What to work on: Set down each entry exactly as given; pictures should not appear in the copy.

Collection entries:
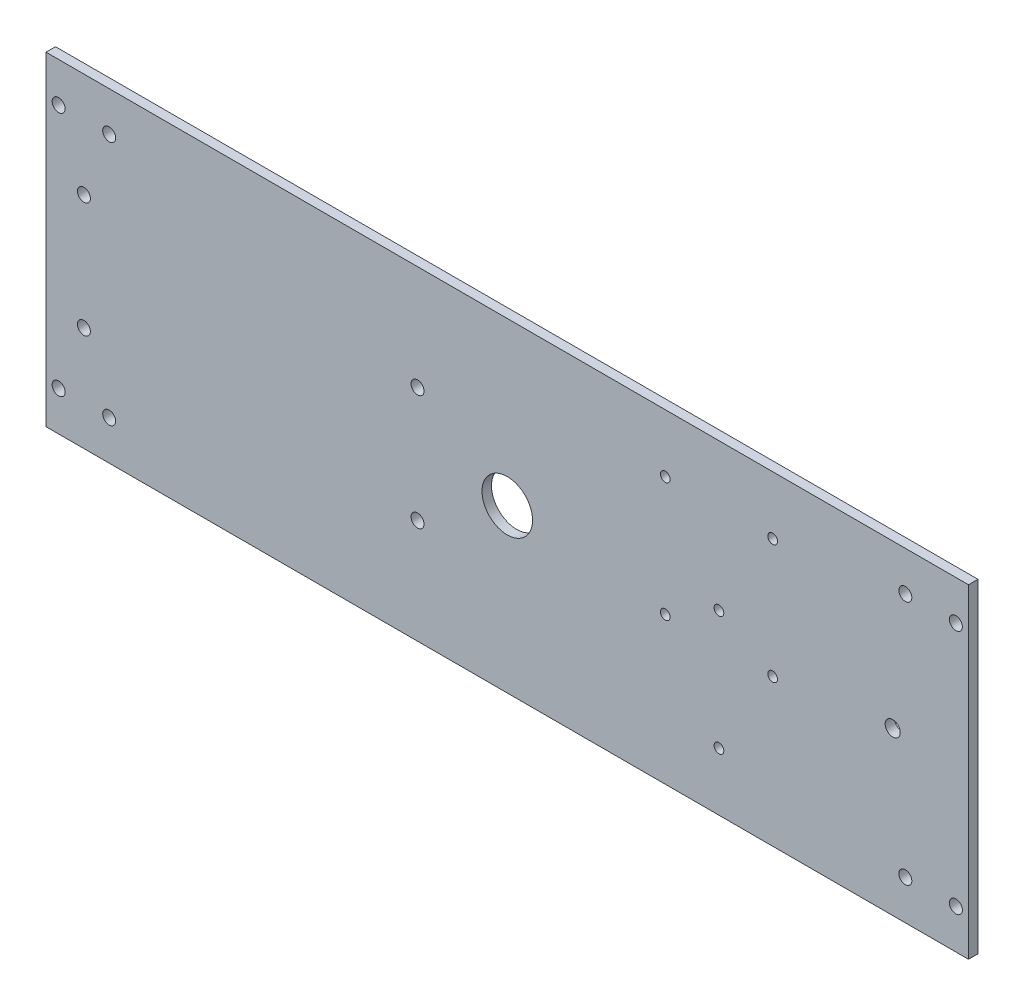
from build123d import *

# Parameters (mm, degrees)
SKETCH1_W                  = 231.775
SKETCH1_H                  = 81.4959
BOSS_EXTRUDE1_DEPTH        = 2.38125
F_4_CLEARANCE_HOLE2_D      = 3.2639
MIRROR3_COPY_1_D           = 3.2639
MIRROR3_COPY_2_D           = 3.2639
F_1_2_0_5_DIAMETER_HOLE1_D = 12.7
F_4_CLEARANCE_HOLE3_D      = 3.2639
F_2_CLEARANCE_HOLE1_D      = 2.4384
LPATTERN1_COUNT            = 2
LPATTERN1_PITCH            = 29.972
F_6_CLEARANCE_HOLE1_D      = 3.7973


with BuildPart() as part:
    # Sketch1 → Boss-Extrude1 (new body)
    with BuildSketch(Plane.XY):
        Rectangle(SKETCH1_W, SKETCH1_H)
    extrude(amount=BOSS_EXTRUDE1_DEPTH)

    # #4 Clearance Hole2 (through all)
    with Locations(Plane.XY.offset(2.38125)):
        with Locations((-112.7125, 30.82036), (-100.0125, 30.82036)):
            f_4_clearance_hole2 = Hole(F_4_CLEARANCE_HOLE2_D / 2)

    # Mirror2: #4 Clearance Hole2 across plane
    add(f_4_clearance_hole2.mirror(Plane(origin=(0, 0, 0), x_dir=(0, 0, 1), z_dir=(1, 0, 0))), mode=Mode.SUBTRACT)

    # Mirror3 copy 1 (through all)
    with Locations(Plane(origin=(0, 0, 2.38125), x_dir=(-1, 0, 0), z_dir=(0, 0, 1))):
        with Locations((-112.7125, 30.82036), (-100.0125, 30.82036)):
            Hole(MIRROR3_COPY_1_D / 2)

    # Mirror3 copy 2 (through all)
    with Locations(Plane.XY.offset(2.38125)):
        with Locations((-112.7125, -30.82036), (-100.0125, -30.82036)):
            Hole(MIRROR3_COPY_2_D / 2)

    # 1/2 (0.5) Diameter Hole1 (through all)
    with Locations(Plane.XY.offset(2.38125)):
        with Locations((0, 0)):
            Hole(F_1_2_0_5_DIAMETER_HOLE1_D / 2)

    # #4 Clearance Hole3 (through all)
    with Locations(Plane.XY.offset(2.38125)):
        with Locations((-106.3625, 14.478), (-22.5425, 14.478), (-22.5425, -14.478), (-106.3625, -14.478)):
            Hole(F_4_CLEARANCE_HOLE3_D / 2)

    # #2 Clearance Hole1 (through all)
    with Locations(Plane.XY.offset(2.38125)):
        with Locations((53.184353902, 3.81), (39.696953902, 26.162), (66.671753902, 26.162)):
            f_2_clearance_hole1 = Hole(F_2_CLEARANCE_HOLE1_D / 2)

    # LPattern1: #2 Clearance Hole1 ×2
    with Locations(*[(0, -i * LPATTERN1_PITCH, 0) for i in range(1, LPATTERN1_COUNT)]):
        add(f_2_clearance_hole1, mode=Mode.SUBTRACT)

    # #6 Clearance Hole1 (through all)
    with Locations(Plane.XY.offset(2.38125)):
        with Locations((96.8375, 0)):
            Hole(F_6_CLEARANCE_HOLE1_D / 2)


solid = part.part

Answer to the exercise:
from build123d import *

# Parameters (mm, degrees)
SKETCH1_W                  = 231.775
SKETCH1_H                  = 81.4959
BOSS_EXTRUDE1_DEPTH        = 2.38125
F_4_CLEARANCE_HOLE2_D      = 3.2639
MIRROR3_COPY_1_D           = 3.2639
MIRROR3_COPY_2_D           = 3.2639
F_1_2_0_5_DIAMETER_HOLE1_D = 12.7
F_4_CLEARANCE_HOLE3_D      = 3.2639
F_2_CLEARANCE_HOLE1_D      = 2.4384
LPATTERN1_COUNT            = 2
LPATTERN1_PITCH            = 29.972
F_6_CLEARANCE_HOLE1_D      = 3.7973


with BuildPart() as part:
    # Sketch1 → Boss-Extrude1 (new body)
    with BuildSketch(Plane.XY):
        Rectangle(SKETCH1_W, SKETCH1_H)
    extrude(amount=BOSS_EXTRUDE1_DEPTH)

    # #4 Clearance Hole2 (through all)
    with Locations(Plane.XY.offset(2.38125)):
        with Locations((-112.7125, 30.82036), (-100.0125, 30.82036)):
            f_4_clearance_hole2 = Hole(F_4_CLEARANCE_HOLE2_D / 2)

    # Mirror2: #4 Clearance Hole2 across plane
    add(f_4_clearance_hole2.mirror(Plane(origin=(0, 0, 0), x_dir=(0, 0, 1), z_dir=(1, 0, 0))), mode=Mode.SUBTRACT)

    # Mirror3 copy 1 (through all)
    with Locations(Plane(origin=(0, 0, 2.38125), x_dir=(-1, 0, 0), z_dir=(0, 0, 1))):
        with Locations((-112.7125, 30.82036), (-100.0125, 30.82036)):
            Hole(MIRROR3_COPY_1_D / 2)

    # Mirror3 copy 2 (through all)
    with Locations(Plane.XY.offset(2.38125)):
        with Locations((-112.7125, -30.82036), (-100.0125, -30.82036)):
            Hole(MIRROR3_COPY_2_D / 2)

    # 1/2 (0.5) Diameter Hole1 (through all)
    with Locations(Plane.XY.offset(2.38125)):
        with Locations((0, 0)):
            Hole(F_1_2_0_5_DIAMETER_HOLE1_D / 2)

    # #4 Clearance Hole3 (through all)
    with Locations(Plane.XY.offset(2.38125)):
        with Locations((-106.3625, 14.478), (-22.5425, 14.478), (-22.5425, -14.478), (-106.3625, -14.478)):
            Hole(F_4_CLEARANCE_HOLE3_D / 2)

    # #2 Clearance Hole1 (through all)
    with Locations(Plane.XY.offset(2.38125)):
        with Locations((53.184353902, 3.81), (39.696953902, 26.162), (66.671753902, 26.162)):
            f_2_clearance_hole1 = Hole(F_2_CLEARANCE_HOLE1_D / 2)

    # LPattern1: #2 Clearance Hole1 ×2
    with Locations(*[(0, -i * LPATTERN1_PITCH, 0) for i in range(1, LPATTERN1_COUNT)]):
        add(f_2_clearance_hole1, mode=Mode.SUBTRACT)

    # #6 Clearance Hole1 (through all)
    with Locations(Plane.XY.offset(2.38125)):
        with Locations((96.8375, 0)):
            Hole(F_6_CLEARANCE_HOLE1_D / 2)


solid = part.part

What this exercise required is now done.